→ What to work on
Please repeat every record exactly, leaving out any pictures.

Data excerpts
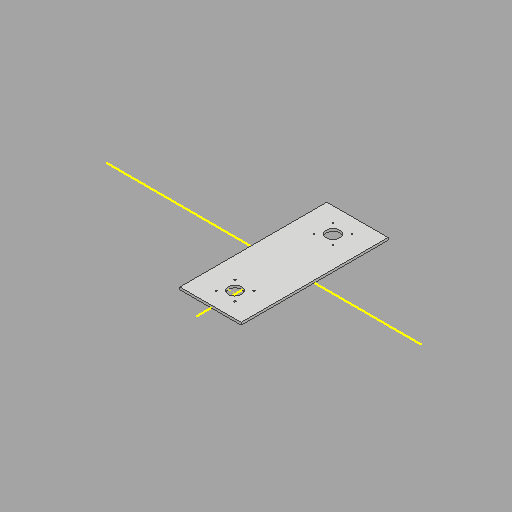
# Autodesk Inventor part: BT001_trajan20_21
Saved by Autodesk Inventor 2022.2 (Build 262287000, 287)
## iProperties
Company: HTBLA Kaindorf
RuleStatus: InUse
Created: 2022-06-05
Part Number: BT001_trajan20_21
Project: Zeichenmaschine_v2
Material: Generisch
Description: Gerüst
Document SubType Name: Modeling
Designer: trajan20
Density: 1 g/cm^3
Appearance: Vorgabe
Mass: 92.807 g
Surface Area: 499.236 cm^2
Volume: 92.807 cm^3
AfterDocNew0: iProperties-Editor_aufrufen
Author: jan
Keywords: 2021
Autodesk Inventor part; units mm, degrees
ref_plane "YZ Plane" through (0, 0, 0) normal (1, 0, 0) x (0, 1, 0)
ref_plane "XZ Plane" through (0, 0, 0) normal (0, 1, 0) x (-1, 0, 0)
ref_plane "XY Plane" through (0, 0, 0) normal (0, 0, 1) x (1, 0, 0)
derived "MS000_trajan20_21_Zeichenmaschine_Inventor_Masterskizze.ipt"
sketch "Skizze16" plane through (110, 40, -80) normal (1, 0, 0) x (0, 1, 0)
  line L0 (-90, 0) -> (10, 0)
  line L1 (10, 0) -> (10, -4)
  line L2 (10, -4) -> (-90, -4)
  line L3 (-90, -4) -> (-90, 0)
  point P0 (-40, 80)
  point P1 (0, 0)
  point P2 (-80, 0)
sketch "Skizze18" plane through (110, -50, -84) normal (0, 0, 1) x (1, 0, 0)
  line L0 (-110, -240.8766) -> (-110, 273.4794)
  line L1 (-134, 50) -> (34, 50)
  line L2 (-14.5, 65.5) -> (-45.5, 65.5) construction
  line L3 (-45.5, 65.5) -> (-45.5, 34.5) construction
  line L4 (-14.5, 65.5) -> (-14.5, 34.5) construction
  line L5 (-14.5, 34.5) -> (-45.5, 34.5) construction
  point P0 (-110, 50)
  point P1 (-30, 50)
  point P2 (-14.5, 65.5)
  point P3 (-14.5, 34.5)
extrude "Extrusion4" add sketch "Skizze16" along normal blind 10 and the other way blind 110
hole "Bohrung4" at (80, 0, -84) direction (0, 0, 1) diameter 22 end through all
hole "Bohrung5" at (64.5, -15.5, -84) at (64.5, 15.5, -84) at (95.5, 15.5, -84) at (95.5, -15.5, -84) direction (0, 0, 1) diameter 2.459 end through all thread size "M3x0.5" class "6H" standard "ISO Metric profile"
mirror "Spiegeln3" about plane through (0, 0, -82) normal (-1, 0, 0)
equation "\"d24\" = 0.5 * Alu_Prof"
equation "\"d25\" = 0.5 * Bas_Haupt_Länge"
equation "\"d35\" = SM_Scheibe_Durchmesser"
equation "\"Alu_Prof\" = 20"
equation "\"Bas_Haupt_Länge\" = 220"
equation "\"SM_Scheibe_Durchmesser\" = 22"

→ Task solution
# Autodesk Inventor part: BT001_trajan20_21
Saved by Autodesk Inventor 2022.2 (Build 262287000, 287)
## iProperties
Company: HTBLA Kaindorf
RuleStatus: InUse
Created: 2022-06-05
Part Number: BT001_trajan20_21
Project: Zeichenmaschine_v2
Material: Generisch
Description: Gerüst
Document SubType Name: Modeling
Designer: trajan20
Density: 1 g/cm^3
Appearance: Vorgabe
Mass: 92.807 g
Surface Area: 499.236 cm^2
Volume: 92.807 cm^3
AfterDocNew0: iProperties-Editor_aufrufen
Author: jan
Keywords: 2021
Autodesk Inventor part; units mm, degrees
ref_plane "YZ Plane" through (0, 0, 0) normal (1, 0, 0) x (0, 1, 0)
ref_plane "XZ Plane" through (0, 0, 0) normal (0, 1, 0) x (-1, 0, 0)
ref_plane "XY Plane" through (0, 0, 0) normal (0, 0, 1) x (1, 0, 0)
derived "MS000_trajan20_21_Zeichenmaschine_Inventor_Masterskizze.ipt"
sketch "Skizze16" plane through (110, 40, -80) normal (1, 0, 0) x (0, 1, 0)
  line L0 (-90, 0) -> (10, 0)
  line L1 (10, 0) -> (10, -4)
  line L2 (10, -4) -> (-90, -4)
  line L3 (-90, -4) -> (-90, 0)
  point P0 (-40, 80)
  point P1 (0, 0)
  point P2 (-80, 0)
sketch "Skizze18" plane through (110, -50, -84) normal (0, 0, 1) x (1, 0, 0)
  line L0 (-110, -240.8766) -> (-110, 273.4794)
  line L1 (-134, 50) -> (34, 50)
  line L2 (-14.5, 65.5) -> (-45.5, 65.5) construction
  line L3 (-45.5, 65.5) -> (-45.5, 34.5) construction
  line L4 (-14.5, 65.5) -> (-14.5, 34.5) construction
  line L5 (-14.5, 34.5) -> (-45.5, 34.5) construction
  point P0 (-110, 50)
  point P1 (-30, 50)
  point P2 (-14.5, 65.5)
  point P3 (-14.5, 34.5)
extrude "Extrusion4" add sketch "Skizze16" along normal blind 10 and the other way blind 110
hole "Bohrung4" at (80, 0, -84) direction (0, 0, 1) diameter 22 end through all
hole "Bohrung5" at (64.5, -15.5, -84) at (64.5, 15.5, -84) at (95.5, 15.5, -84) at (95.5, -15.5, -84) direction (0, 0, 1) diameter 2.459 end through all thread size "M3x0.5" class "6H" standard "ISO Metric profile"
mirror "Spiegeln3" about plane through (0, 0, -82) normal (-1, 0, 0)
equation "\"d24\" = 0.5 * Alu_Prof"
equation "\"d25\" = 0.5 * Bas_Haupt_Länge"
equation "\"d35\" = SM_Scheibe_Durchmesser"
equation "\"Alu_Prof\" = 20"
equation "\"Bas_Haupt_Länge\" = 220"
equation "\"SM_Scheibe_Durchmesser\" = 22"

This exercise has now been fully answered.